Data excerpts:
+-------+

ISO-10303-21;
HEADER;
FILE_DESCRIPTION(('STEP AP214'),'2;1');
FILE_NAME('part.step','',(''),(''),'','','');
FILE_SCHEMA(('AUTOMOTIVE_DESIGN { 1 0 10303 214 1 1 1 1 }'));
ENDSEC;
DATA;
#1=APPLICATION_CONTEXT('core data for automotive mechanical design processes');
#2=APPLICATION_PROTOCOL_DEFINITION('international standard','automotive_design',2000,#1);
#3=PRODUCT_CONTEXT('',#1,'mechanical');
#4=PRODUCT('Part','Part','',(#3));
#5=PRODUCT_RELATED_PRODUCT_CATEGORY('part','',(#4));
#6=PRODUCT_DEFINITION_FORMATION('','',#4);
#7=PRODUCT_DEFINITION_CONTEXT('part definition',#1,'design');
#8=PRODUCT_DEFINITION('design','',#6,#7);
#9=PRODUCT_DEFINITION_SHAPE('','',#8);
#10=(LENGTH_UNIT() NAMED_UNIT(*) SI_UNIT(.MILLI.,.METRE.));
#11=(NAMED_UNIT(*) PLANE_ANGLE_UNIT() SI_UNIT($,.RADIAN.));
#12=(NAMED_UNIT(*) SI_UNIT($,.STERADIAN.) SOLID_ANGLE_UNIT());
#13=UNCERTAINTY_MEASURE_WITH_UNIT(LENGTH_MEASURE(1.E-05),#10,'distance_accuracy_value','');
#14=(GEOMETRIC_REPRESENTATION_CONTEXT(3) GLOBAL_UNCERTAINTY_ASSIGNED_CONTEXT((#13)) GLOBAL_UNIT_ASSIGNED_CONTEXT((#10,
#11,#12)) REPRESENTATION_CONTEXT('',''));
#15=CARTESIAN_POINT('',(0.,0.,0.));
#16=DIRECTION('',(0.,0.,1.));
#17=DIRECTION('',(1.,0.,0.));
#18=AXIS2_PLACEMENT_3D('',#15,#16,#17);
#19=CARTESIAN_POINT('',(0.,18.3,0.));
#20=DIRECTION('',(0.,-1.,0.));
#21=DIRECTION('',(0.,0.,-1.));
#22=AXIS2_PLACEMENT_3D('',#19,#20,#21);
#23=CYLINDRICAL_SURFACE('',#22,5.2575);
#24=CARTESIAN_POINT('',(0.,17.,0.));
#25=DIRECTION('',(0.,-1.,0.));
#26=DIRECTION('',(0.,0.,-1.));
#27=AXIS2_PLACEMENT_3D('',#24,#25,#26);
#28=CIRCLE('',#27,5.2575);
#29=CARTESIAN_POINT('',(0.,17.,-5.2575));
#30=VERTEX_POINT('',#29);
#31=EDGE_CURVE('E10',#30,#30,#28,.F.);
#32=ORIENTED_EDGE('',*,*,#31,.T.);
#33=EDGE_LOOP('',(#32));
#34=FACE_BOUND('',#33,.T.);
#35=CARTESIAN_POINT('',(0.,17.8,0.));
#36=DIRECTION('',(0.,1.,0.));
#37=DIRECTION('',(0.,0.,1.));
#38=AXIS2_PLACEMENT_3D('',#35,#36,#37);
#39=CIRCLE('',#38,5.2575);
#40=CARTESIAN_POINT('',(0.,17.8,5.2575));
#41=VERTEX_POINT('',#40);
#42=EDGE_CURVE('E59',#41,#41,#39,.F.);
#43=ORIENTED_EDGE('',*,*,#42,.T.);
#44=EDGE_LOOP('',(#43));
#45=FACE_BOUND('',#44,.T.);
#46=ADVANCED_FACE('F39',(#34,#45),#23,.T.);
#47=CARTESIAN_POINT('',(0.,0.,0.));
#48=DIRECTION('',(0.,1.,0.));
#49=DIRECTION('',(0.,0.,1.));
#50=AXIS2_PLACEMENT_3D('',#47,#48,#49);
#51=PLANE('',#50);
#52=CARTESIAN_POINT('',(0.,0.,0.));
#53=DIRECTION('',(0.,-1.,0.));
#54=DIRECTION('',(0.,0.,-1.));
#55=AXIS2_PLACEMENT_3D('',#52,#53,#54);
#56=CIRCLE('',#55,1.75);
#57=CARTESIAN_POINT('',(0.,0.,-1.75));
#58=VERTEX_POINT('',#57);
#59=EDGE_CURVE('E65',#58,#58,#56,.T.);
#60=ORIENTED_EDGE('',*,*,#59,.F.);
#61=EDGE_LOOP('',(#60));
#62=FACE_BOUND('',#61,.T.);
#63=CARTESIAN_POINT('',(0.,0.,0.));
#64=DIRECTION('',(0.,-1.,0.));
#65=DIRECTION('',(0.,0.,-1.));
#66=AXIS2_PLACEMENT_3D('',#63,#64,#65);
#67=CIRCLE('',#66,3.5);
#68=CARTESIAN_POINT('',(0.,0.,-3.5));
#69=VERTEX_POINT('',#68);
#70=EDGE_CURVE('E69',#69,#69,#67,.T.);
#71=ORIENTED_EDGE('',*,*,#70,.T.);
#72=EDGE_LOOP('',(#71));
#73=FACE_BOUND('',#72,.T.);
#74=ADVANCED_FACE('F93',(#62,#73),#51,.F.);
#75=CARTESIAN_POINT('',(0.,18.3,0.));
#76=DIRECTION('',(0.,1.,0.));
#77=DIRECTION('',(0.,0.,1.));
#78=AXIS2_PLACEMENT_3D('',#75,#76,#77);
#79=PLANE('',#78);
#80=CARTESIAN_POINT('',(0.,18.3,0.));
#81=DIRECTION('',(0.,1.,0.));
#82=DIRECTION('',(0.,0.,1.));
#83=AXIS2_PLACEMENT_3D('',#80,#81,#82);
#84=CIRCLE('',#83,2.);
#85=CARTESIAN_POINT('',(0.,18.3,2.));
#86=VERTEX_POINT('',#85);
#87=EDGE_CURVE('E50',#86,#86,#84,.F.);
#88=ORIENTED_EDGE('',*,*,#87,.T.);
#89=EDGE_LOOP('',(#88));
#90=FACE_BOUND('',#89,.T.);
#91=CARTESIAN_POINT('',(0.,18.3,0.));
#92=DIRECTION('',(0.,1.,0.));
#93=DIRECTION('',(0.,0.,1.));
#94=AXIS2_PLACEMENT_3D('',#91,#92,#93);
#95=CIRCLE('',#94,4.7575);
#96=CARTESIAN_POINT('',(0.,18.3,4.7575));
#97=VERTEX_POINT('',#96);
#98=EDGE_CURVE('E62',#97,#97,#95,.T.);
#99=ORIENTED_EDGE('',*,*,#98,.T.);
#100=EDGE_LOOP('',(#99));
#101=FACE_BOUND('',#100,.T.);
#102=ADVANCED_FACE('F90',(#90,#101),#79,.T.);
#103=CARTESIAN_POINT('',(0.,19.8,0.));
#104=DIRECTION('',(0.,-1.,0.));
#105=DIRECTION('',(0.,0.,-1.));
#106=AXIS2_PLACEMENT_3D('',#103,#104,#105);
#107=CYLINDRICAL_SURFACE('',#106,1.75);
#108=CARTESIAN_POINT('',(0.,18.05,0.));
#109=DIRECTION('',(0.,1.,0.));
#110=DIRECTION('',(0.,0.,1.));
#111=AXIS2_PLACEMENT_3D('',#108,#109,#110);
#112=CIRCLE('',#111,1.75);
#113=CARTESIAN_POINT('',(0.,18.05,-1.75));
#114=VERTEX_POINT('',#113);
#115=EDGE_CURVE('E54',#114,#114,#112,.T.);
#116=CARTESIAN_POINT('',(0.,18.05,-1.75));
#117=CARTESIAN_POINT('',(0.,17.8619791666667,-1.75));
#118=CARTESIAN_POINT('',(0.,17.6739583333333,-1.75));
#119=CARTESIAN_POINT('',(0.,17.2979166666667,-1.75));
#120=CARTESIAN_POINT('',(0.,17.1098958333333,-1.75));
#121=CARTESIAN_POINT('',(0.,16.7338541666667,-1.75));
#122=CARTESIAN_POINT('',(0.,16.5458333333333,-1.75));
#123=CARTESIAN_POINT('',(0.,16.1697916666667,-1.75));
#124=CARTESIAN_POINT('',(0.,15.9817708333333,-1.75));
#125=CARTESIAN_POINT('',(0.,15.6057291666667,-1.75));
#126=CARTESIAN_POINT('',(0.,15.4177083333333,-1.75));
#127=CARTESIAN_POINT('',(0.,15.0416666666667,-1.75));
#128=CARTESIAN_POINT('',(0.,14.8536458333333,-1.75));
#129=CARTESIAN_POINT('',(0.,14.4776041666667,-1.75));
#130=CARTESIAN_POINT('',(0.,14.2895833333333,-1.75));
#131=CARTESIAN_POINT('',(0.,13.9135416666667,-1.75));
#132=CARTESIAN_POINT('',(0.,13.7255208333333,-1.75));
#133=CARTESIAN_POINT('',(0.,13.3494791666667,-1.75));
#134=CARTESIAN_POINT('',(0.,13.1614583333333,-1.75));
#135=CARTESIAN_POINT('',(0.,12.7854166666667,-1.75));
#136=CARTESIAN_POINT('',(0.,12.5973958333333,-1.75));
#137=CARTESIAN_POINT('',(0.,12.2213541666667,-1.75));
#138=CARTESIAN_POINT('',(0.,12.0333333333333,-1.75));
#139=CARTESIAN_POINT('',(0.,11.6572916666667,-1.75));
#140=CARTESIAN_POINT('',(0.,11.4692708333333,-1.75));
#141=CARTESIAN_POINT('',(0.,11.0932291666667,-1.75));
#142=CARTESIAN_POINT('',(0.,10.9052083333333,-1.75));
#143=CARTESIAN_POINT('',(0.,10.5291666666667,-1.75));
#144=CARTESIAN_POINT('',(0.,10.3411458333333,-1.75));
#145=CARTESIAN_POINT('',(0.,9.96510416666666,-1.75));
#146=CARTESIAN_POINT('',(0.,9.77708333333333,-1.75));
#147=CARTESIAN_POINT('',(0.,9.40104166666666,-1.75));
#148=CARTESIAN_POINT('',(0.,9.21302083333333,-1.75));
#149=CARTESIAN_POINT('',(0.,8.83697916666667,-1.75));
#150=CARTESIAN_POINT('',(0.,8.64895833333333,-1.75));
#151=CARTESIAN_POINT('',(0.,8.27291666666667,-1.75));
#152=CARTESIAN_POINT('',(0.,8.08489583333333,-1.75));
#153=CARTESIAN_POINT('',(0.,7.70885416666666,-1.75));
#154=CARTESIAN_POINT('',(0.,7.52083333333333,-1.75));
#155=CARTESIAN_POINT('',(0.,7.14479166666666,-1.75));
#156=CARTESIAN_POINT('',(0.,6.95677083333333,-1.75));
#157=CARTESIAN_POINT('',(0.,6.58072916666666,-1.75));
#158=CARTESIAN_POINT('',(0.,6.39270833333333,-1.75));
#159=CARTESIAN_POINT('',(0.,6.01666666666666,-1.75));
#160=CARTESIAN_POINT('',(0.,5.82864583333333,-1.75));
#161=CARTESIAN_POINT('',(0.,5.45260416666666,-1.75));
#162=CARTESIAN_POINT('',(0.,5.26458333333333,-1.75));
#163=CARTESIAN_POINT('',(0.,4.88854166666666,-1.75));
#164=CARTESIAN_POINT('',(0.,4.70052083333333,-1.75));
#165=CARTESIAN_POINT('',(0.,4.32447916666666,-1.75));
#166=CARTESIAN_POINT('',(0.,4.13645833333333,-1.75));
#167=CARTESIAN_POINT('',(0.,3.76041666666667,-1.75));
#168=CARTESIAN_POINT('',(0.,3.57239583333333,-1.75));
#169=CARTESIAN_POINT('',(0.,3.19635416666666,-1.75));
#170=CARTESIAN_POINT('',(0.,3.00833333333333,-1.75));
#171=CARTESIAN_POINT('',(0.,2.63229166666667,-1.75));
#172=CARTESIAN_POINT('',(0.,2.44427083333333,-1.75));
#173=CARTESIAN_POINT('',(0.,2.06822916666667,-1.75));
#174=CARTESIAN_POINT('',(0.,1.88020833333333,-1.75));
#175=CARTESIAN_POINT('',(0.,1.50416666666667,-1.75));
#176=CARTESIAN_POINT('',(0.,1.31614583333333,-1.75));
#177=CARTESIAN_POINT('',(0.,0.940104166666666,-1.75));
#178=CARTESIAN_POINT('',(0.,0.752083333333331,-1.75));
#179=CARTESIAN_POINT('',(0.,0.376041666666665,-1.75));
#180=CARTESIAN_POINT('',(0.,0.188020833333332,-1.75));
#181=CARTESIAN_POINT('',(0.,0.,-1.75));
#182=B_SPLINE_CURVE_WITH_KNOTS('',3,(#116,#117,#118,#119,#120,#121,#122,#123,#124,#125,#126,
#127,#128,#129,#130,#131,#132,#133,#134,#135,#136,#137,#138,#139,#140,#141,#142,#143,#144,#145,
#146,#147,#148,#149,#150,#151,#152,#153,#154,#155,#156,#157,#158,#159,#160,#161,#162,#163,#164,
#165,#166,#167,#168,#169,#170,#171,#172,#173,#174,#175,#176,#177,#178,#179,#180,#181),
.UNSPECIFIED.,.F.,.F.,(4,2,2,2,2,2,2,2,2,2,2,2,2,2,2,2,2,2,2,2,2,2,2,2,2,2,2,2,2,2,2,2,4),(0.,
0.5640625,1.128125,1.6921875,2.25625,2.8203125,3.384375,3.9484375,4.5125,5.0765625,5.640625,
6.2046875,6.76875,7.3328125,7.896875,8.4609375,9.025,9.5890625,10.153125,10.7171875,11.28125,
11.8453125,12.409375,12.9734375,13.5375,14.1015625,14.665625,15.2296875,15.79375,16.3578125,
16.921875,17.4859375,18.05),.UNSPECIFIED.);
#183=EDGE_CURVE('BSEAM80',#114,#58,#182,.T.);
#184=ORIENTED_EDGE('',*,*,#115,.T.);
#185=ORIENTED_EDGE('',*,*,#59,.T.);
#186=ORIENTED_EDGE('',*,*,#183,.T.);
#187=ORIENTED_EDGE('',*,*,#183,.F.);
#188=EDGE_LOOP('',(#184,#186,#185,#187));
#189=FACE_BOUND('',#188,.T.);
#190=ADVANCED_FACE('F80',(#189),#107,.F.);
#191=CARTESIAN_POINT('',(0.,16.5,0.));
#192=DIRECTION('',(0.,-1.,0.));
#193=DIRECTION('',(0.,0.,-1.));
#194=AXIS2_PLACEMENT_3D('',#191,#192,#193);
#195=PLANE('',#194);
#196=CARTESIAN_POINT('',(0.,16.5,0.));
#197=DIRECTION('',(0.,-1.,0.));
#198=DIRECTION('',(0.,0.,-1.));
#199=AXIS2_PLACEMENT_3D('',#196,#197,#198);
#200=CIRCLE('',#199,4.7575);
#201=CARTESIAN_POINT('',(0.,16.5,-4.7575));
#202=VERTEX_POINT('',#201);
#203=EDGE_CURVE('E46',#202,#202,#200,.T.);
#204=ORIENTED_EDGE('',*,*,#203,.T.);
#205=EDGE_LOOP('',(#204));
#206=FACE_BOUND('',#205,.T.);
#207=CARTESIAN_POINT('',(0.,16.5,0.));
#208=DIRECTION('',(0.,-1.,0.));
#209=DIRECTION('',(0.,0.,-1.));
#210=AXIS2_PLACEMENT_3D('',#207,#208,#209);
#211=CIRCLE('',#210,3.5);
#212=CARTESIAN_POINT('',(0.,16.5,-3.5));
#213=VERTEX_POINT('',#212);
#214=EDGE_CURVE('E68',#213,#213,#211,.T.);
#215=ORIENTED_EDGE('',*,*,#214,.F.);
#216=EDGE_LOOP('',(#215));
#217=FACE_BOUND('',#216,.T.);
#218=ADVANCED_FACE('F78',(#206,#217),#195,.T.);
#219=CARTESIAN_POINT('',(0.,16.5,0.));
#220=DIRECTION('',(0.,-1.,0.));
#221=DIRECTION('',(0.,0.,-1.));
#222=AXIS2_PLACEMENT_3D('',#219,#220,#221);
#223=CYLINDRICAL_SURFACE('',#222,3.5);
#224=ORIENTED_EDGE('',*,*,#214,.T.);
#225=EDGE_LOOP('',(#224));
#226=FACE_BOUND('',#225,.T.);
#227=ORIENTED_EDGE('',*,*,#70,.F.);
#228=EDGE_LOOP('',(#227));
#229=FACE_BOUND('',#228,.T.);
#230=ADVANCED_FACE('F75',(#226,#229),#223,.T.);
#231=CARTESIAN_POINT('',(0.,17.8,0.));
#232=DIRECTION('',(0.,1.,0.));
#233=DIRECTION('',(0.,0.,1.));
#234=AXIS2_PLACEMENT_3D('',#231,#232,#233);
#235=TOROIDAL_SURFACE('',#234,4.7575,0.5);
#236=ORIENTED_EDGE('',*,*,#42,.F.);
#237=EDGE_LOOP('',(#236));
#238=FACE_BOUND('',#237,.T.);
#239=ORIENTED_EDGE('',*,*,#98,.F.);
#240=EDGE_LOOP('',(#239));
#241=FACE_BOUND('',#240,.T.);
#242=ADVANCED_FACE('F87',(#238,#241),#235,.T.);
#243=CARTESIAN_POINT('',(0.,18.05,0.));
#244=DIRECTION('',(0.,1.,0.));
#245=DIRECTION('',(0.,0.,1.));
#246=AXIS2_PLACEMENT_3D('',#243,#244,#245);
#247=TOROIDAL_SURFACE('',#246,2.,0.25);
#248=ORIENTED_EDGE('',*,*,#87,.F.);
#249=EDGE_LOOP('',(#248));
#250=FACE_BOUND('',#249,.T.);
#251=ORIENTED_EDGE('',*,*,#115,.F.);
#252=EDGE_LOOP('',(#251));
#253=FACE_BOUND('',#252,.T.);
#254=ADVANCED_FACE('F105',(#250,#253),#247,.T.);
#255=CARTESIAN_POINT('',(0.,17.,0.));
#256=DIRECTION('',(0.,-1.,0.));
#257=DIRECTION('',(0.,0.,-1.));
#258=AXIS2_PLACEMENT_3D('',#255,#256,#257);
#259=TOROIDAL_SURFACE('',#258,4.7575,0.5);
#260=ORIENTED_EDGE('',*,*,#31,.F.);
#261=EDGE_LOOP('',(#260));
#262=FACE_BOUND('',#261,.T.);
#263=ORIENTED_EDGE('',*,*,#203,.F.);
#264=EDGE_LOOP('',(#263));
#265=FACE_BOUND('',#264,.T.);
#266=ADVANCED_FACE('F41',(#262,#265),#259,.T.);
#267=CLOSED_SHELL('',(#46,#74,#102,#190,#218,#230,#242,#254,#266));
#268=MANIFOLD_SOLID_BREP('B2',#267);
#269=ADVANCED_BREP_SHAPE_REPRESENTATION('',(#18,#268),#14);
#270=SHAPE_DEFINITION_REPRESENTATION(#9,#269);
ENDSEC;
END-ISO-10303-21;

+-------+

§ **WORK ITEM**
The answer should be an exact copy of the lines from the first line of the data through the line with "#24=CARTESIAN_POINT('',(0.,17.,0.));" and should contain nothing else.

§ **REPLY TO THE EXERCISE**
ISO-10303-21;
HEADER;
FILE_DESCRIPTION(('STEP AP214'),'2;1');
FILE_NAME('part.step','',(''),(''),'','','');
FILE_SCHEMA(('AUTOMOTIVE_DESIGN { 1 0 10303 214 1 1 1 1 }'));
ENDSEC;
DATA;
#1=APPLICATION_CONTEXT('core data for automotive mechanical design processes');
#2=APPLICATION_PROTOCOL_DEFINITION('international standard','automotive_design',2000,#1);
#3=PRODUCT_CONTEXT('',#1,'mechanical');
#4=PRODUCT('Part','Part','',(#3));
#5=PRODUCT_RELATED_PRODUCT_CATEGORY('part','',(#4));
#6=PRODUCT_DEFINITION_FORMATION('','',#4);
#7=PRODUCT_DEFINITION_CONTEXT('part definition',#1,'design');
#8=PRODUCT_DEFINITION('design','',#6,#7);
#9=PRODUCT_DEFINITION_SHAPE('','',#8);
#10=(LENGTH_UNIT() NAMED_UNIT(*) SI_UNIT(.MILLI.,.METRE.));
#11=(NAMED_UNIT(*) PLANE_ANGLE_UNIT() SI_UNIT($,.RADIAN.));
#12=(NAMED_UNIT(*) SI_UNIT($,.STERADIAN.) SOLID_ANGLE_UNIT());
#13=UNCERTAINTY_MEASURE_WITH_UNIT(LENGTH_MEASURE(1.E-05),#10,'distance_accuracy_value','');
#14=(GEOMETRIC_REPRESENTATION_CONTEXT(3) GLOBAL_UNCERTAINTY_ASSIGNED_CONTEXT((#13)) GLOBAL_UNIT_ASSIGNED_CONTEXT((#10,
#11,#12)) REPRESENTATION_CONTEXT('',''));
#15=CARTESIAN_POINT('',(0.,0.,0.));
#16=DIRECTION('',(0.,0.,1.));
#17=DIRECTION('',(1.,0.,0.));
#18=AXIS2_PLACEMENT_3D('',#15,#16,#17);
#19=CARTESIAN_POINT('',(0.,18.3,0.));
#20=DIRECTION('',(0.,-1.,0.));
#21=DIRECTION('',(0.,0.,-1.));
#22=AXIS2_PLACEMENT_3D('',#19,#20,#21);
#23=CYLINDRICAL_SURFACE('',#22,5.2575);
#24=CARTESIAN_POINT('',(0.,17.,0.));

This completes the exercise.